What to work on »
Restate verbatim the span of lines below between the line with "MS_I = M1_II*k2*(1/k1-1);" and the line with "P_ein = mot_ein*M2_IV*n2_IV", including those two lines, and only that span.

Supplied entries »
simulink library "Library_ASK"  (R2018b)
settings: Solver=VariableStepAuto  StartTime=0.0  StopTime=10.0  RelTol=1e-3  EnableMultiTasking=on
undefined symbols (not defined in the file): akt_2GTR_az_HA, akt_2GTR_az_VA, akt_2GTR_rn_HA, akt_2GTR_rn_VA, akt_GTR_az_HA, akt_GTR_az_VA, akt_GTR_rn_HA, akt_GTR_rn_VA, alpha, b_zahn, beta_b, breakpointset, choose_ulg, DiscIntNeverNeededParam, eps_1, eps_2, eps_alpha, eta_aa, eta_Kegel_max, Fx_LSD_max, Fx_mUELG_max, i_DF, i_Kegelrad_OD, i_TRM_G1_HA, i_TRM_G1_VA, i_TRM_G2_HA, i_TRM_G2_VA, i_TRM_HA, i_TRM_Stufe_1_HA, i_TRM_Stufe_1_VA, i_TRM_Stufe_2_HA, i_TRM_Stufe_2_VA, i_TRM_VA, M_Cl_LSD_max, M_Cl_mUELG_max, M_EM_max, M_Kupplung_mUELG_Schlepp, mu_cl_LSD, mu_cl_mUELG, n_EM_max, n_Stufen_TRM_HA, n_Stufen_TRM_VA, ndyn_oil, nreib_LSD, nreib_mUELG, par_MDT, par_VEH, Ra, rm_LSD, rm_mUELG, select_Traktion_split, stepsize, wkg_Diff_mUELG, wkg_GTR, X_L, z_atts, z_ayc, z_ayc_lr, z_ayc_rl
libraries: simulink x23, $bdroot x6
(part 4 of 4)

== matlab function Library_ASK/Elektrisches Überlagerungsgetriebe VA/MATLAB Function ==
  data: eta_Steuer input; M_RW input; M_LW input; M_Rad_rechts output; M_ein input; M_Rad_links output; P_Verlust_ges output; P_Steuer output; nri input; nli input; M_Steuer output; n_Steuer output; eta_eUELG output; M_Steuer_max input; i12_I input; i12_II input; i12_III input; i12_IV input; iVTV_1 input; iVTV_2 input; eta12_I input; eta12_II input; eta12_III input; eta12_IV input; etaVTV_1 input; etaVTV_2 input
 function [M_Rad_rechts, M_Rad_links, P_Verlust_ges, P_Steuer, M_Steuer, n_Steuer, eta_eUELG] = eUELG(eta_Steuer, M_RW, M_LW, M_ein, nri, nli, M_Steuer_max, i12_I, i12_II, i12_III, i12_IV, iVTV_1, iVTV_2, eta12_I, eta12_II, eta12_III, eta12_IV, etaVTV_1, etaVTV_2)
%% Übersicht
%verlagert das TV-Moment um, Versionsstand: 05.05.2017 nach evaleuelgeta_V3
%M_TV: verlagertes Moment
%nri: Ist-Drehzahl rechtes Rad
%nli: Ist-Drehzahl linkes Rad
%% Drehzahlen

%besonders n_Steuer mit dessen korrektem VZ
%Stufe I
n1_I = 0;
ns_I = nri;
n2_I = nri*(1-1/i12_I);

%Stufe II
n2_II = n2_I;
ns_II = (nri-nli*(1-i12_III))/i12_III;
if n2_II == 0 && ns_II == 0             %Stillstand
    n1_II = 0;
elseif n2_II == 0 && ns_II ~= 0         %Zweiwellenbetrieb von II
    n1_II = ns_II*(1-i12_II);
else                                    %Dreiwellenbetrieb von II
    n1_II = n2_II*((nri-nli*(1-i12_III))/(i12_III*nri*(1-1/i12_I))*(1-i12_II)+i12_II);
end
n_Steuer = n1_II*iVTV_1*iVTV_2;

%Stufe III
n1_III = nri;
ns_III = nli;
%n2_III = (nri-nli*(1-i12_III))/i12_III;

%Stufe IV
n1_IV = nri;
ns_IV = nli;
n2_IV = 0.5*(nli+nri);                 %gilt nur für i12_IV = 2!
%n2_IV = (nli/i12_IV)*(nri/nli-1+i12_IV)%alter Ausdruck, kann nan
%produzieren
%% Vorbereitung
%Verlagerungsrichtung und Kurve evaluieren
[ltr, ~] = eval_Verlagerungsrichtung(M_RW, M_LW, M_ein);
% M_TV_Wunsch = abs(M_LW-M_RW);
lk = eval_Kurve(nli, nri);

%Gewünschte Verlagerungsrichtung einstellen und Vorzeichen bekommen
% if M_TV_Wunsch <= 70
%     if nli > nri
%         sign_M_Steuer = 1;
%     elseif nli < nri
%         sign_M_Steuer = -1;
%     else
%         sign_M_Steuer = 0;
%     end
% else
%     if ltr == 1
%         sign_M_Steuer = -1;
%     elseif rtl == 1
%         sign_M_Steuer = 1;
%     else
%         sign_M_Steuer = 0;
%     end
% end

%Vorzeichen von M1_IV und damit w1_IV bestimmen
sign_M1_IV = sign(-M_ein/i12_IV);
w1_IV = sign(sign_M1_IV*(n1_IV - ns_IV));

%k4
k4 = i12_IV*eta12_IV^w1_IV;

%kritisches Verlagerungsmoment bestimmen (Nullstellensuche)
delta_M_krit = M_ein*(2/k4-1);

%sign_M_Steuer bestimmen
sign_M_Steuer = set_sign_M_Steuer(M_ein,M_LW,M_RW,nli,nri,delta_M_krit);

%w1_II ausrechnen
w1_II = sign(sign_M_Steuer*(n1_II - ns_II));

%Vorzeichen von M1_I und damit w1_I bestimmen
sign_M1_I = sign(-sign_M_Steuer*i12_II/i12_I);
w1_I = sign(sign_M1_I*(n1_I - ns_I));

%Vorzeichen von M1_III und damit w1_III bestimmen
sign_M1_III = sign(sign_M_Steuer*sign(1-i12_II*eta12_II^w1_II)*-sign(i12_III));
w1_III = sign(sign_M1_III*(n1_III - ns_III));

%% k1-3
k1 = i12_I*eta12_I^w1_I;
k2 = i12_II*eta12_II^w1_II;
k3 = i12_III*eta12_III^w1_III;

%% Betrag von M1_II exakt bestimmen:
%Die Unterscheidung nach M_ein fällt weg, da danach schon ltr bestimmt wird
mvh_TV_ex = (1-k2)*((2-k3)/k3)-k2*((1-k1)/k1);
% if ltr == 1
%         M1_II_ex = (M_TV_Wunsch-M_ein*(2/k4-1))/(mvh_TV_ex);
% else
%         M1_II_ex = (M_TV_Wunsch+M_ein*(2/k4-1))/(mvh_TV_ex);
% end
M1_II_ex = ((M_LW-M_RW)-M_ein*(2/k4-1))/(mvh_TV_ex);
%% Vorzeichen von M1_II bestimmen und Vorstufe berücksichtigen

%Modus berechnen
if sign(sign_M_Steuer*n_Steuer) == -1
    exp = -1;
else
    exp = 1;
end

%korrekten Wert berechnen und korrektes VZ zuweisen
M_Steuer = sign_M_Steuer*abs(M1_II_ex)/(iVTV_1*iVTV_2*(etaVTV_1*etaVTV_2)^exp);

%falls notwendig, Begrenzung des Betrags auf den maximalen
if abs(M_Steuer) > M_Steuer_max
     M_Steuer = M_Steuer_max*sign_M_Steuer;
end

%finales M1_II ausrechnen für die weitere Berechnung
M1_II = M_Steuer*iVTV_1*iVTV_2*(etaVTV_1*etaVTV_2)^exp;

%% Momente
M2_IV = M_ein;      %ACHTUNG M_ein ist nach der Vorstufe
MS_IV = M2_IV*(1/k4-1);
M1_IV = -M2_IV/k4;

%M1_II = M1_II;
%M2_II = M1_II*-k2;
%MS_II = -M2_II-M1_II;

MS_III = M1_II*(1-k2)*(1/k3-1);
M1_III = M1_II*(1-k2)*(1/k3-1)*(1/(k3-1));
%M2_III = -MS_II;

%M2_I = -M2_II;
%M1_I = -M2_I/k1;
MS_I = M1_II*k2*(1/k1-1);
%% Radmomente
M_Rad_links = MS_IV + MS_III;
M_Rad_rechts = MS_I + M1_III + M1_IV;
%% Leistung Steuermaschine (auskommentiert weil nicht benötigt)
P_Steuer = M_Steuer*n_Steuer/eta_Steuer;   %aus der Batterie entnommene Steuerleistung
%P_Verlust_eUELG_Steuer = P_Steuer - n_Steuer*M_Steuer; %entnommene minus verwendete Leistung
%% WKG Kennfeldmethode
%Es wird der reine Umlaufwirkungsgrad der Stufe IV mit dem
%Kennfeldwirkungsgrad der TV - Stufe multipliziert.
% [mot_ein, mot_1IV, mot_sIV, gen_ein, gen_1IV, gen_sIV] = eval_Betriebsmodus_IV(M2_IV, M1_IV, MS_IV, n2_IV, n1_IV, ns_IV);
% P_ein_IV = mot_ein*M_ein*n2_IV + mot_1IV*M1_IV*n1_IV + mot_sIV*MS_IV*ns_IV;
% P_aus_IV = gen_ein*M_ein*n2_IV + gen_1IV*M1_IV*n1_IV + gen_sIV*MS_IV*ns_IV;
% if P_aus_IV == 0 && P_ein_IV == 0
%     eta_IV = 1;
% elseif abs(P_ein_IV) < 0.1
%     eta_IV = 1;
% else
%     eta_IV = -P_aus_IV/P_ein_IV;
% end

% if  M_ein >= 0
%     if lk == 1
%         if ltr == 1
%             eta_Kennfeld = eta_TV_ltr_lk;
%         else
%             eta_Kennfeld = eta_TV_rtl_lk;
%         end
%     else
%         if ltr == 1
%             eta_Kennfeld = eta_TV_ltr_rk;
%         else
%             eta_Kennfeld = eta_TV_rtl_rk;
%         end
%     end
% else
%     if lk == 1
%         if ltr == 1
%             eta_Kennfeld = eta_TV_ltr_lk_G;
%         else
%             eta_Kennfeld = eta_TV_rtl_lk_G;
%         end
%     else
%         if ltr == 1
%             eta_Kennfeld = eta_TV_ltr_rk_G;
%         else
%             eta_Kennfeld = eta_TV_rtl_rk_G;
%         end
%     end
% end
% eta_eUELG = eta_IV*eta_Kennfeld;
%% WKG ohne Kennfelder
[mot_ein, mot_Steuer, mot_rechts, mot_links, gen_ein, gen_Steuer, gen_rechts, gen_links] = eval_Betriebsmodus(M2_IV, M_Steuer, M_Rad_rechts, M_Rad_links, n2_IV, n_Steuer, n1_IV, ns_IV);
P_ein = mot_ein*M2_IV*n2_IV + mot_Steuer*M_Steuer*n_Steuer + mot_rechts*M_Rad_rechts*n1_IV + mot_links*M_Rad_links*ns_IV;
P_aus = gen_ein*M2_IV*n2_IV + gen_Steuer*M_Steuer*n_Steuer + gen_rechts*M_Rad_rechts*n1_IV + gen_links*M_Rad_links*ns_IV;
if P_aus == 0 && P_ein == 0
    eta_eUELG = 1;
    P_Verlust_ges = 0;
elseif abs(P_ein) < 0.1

Response »
MS_I = M1_II*k2*(1/k1-1);
%% Radmomente
M_Rad_links = MS_IV + MS_III;
M_Rad_rechts = MS_I + M1_III + M1_IV;
%% Leistung Steuermaschine (auskommentiert weil nicht benötigt)
P_Steuer = M_Steuer*n_Steuer/eta_Steuer;   %aus der Batterie entnommene Steuerleistung
%P_Verlust_eUELG_Steuer = P_Steuer - n_Steuer*M_Steuer; %entnommene minus verwendete Leistung
%% WKG Kennfeldmethode
%Es wird der reine Umlaufwirkungsgrad der Stufe IV mit dem
%Kennfeldwirkungsgrad der TV - Stufe multipliziert.
% [mot_ein, mot_1IV, mot_sIV, gen_ein, gen_1IV, gen_sIV] = eval_Betriebsmodus_IV(M2_IV, M1_IV, MS_IV, n2_IV, n1_IV, ns_IV);
% P_ein_IV = mot_ein*M_ein*n2_IV + mot_1IV*M1_IV*n1_IV + mot_sIV*MS_IV*ns_IV;
% P_aus_IV = gen_ein*M_ein*n2_IV + gen_1IV*M1_IV*n1_IV + gen_sIV*MS_IV*ns_IV;
% if P_aus_IV == 0 && P_ein_IV == 0
%     eta_IV = 1;
% elseif abs(P_ein_IV) < 0.1
%     eta_IV = 1;
% else
%     eta_IV = -P_aus_IV/P_ein_IV;
% end

% if  M_ein >= 0
%     if lk == 1
%         if ltr == 1
%             eta_Kennfeld = eta_TV_ltr_lk;
%         else
%             eta_Kennfeld = eta_TV_rtl_lk;
%         end
%     else
%         if ltr == 1
%             eta_Kennfeld = eta_TV_ltr_rk;
%         else
%             eta_Kennfeld = eta_TV_rtl_rk;
%         end
%     end
% else
%     if lk == 1
%         if ltr == 1
%             eta_Kennfeld = eta_TV_ltr_lk_G;
%         else
%             eta_Kennfeld = eta_TV_rtl_lk_G;
%         end
%     else
%         if ltr == 1
%             eta_Kennfeld = eta_TV_ltr_rk_G;
%         else
%             eta_Kennfeld = eta_TV_rtl_rk_G;
%         end
%     end
% end
% eta_eUELG = eta_IV*eta_Kennfeld;
%% WKG ohne Kennfelder
[mot_ein, mot_Steuer, mot_rechts, mot_links, gen_ein, gen_Steuer, gen_rechts, gen_links] = eval_Betriebsmodus(M2_IV, M_Steuer, M_Rad_rechts, M_Rad_links, n2_IV, n_Steuer, n1_IV, ns_IV);
P_ein = mot_ein*M2_IV*n2_IV + mot_Steuer*M_Steuer*n_Steuer + mot_rechts*M_Rad_rechts*n1_IV + mot_links*M_Rad_links*ns_IV;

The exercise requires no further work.